Third Party Communication: None
Date of Communication: Not Applicable
Person To Contact: * * *, ID No. * * *
Telephone Number: * * *

Index Number: 1361.01-04, 1362.04-00
Release Date: 10/16/2020

Date: July 6, 2020

Refer Reply To: CC:PSI:B03 - PLR-100319-20

LEGEND:

Company = * * *
State = * * *
Date 1 = * * *
Date 2 = * * *
Date 3 = * * *
Date 4 = * * *
Date 5 = * * *
Date 6 = * * *
Wife = * * *
Husband = * * *
Agreement 1 = * * *
Agreement 2 = * * *

Dear * * *:

This letter responds to a letter dated December 9, 2019, and subsequent correspondence submitted on behalf of Company, requesting a ruling under § 1362(f) of the Internal Revenue Code (Code).

FACTS

The information submitted states Company was organized on Date 1 as a limited liability company under the laws of State. At the time, Company had one owner, Wife, and was treated as a disregarded entity for Federal income tax purposes. Although Company had only one owner, Company's initial operating agreement, Agreement 1, included provisions in contemplation of Company being treated as a partnership for Federal income tax purposes; however, the applicability of those provisions was not limited to such a situation.
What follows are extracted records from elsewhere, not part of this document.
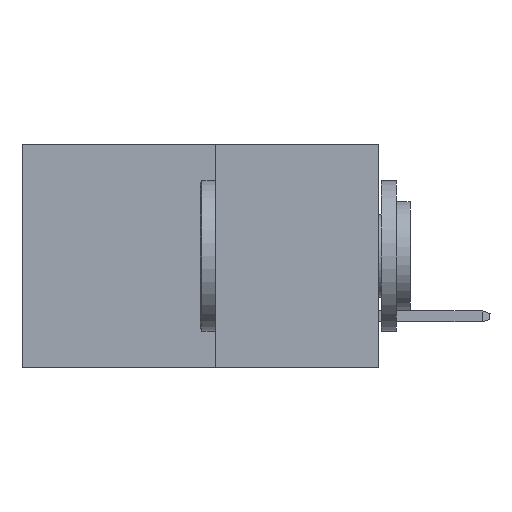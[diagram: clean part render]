
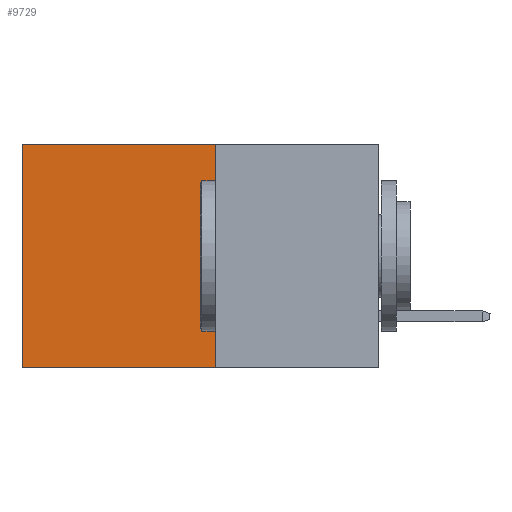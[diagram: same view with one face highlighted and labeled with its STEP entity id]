
A CAD part, left-side view. The second image highlights one B-rep face of the part: STEP entity #9729.
In plain terms, the highlighted planar face has unit normal (-1, 0, 0).
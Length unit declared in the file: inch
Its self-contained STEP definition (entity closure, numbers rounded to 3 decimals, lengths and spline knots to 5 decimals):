
#627 = VECTOR ( 'NONE', #4538, 39.37008 ) ;
#1264 = EDGE_LOOP ( 'NONE', ( #1609, #9672, #3430, #3747 ) ) ;
#1609 = ORIENTED_EDGE ( 'NONE', *, *, #4028, .T. ) ;
#1662 = CARTESIAN_POINT ( 'NONE',  ( 0.277, 0.27, -0.37 ) ) ;
#2081 = EDGE_CURVE ( 'NONE', #4301, #4638, #4365, .T. ) ;
#2309 = CARTESIAN_POINT ( 'NONE',  ( 0.277, 0.27, -0.37 ) ) ;
#2827 = AXIS2_PLACEMENT_3D ( 'NONE', #2309, #9140, #4780 ) ;
#2859 = LINE ( 'NONE', #3994, #627 ) ;
#3053 = VECTOR ( 'NONE', #4084, 39.37008 ) ;
#3086 = EDGE_CURVE ( 'NONE', #3775, #3282, #3318, .T. ) ;
#3282 = VERTEX_POINT ( 'NONE', #6349 ) ;
#3318 = LINE ( 'NONE', #5894, #3053 ) ;
#3430 = ORIENTED_EDGE ( 'NONE', *, *, #4787, .F. ) ;
#3747 = ORIENTED_EDGE ( 'NONE', *, *, #3086, .T. ) ;
#3775 = VERTEX_POINT ( 'NONE', #9856 ) ;
#3976 = PLANE ( 'NONE',  #2827 ) ;
#3994 = CARTESIAN_POINT ( 'NONE',  ( 0.277, 0.27, -0.37 ) ) ;
#4028 = EDGE_CURVE ( 'NONE', #3282, #4638, #6269, .T. ) ;
#4084 = DIRECTION ( 'NONE',  ( 0., 1., 0. ) ) ;
#4301 = VERTEX_POINT ( 'NONE', #8910 ) ;
#4365 = LINE ( 'NONE', #1662, #8107 ) ;
#4538 = DIRECTION ( 'NONE',  ( 0., 0., -1. ) ) ;
#4638 = VERTEX_POINT ( 'NONE', #4823 ) ;
#4780 = DIRECTION ( 'NONE',  ( 0., 0., -1. ) ) ;
#4787 = EDGE_CURVE ( 'NONE', #3775, #4301, #2859, .T. ) ;
#4823 = CARTESIAN_POINT ( 'NONE',  ( 0.277, 0.59, -0.37 ) ) ;
#5894 = CARTESIAN_POINT ( 'NONE',  ( 0.277, 0.27, 0. ) ) ;
#6269 = LINE ( 'NONE', #8720, #9574 ) ;
#6349 = CARTESIAN_POINT ( 'NONE',  ( 0.277, 0.59, 0. ) ) ;
#8107 = VECTOR ( 'NONE', #9761, 39.37008 ) ;
#8507 = FACE_OUTER_BOUND ( 'NONE', #1264, .T. ) ;
#8607 = DIRECTION ( 'NONE',  ( 0., 0., -1. ) ) ;
#8720 = CARTESIAN_POINT ( 'NONE',  ( 0.277, 0.59, -0.37 ) ) ;
#8910 = CARTESIAN_POINT ( 'NONE',  ( 0.277, 0.27, -0.37 ) ) ;
#9140 = DIRECTION ( 'NONE',  ( 1., 0., 0. ) ) ;
#9574 = VECTOR ( 'NONE', #8607, 39.37008 ) ;
#9672 = ORIENTED_EDGE ( 'NONE', *, *, #2081, .F. ) ;
#9729 = ADVANCED_FACE ( 'NONE', ( #8507 ), #3976, .F. ) ;
#9761 = DIRECTION ( 'NONE',  ( 0., 1., 0. ) ) ;
#9856 = CARTESIAN_POINT ( 'NONE',  ( 0.277, 0.27, 0. ) ) ;

Agreement 1 contained the following partnership provisions:

(1) Section 4.1, Cash Flow and Distributions, providing in part that “[a]ll distributions shall be made to the Members in proportion to their respective Percentage Interests”; and

(2) Section 4.2, Allocation of Income, providing in part that “to each Member in proportion to their respective Partnership Interests”; and

(3) Section 4.2, Allocation of Losses, providing in part “to the Members in proportion to their respective Partnership Interests”; and

(2) Section 4.9, Adjustment of Capital Accounts, providing in part that the “tax allocation provisions of this Agreement are intended to produce final Capital Accounts balances that are at levels (“Target Final Balances”) which permit liquidating distributions that are made in accordance with such final Capital Account balances to be equal to the distributions that would occur under Section 4.1 hereof if such liquidating proceeds were distributed pursuant to such Section 4.1”; and

(3) Section 4.9 further providing in part that "[t]o the extent that the tax allocation provisions of this Agreement would not produce the Target Final Balances, the Members agree to take such actions as are necessary amend such tax allocation provisions to produce such Target Final Balances"; and

(4) Section 9.4, Winding Up and Termination, providing in part that upon the dissolution of the Company, the balance of the Company's assets "shall be liquidated and disposed of and distributed...in proportion to the positive balances in the Members' Capital Accounts."

Agreement 1 was subsequently amended on Date 2 and Date 3 for changes to the Company's place of business, change in the name and address of the registered agent, a change in the Company's managers, and the admission of Husband on Date 3. Wife and Husband continued to treat Company as a disregarded entity for federal tax purposes.

On Date 4, the two owners of Company filed Form 8832, Entity Classification Election, on behalf of the Company to change the Company's entity classification to a domestic eligible entity classified as an association taxable as a corporation effective Date 5. On Date 4, the two owners also field form 2553, Election by a Small Business Corporation to elected S corporation treatment for Company effective Date 5.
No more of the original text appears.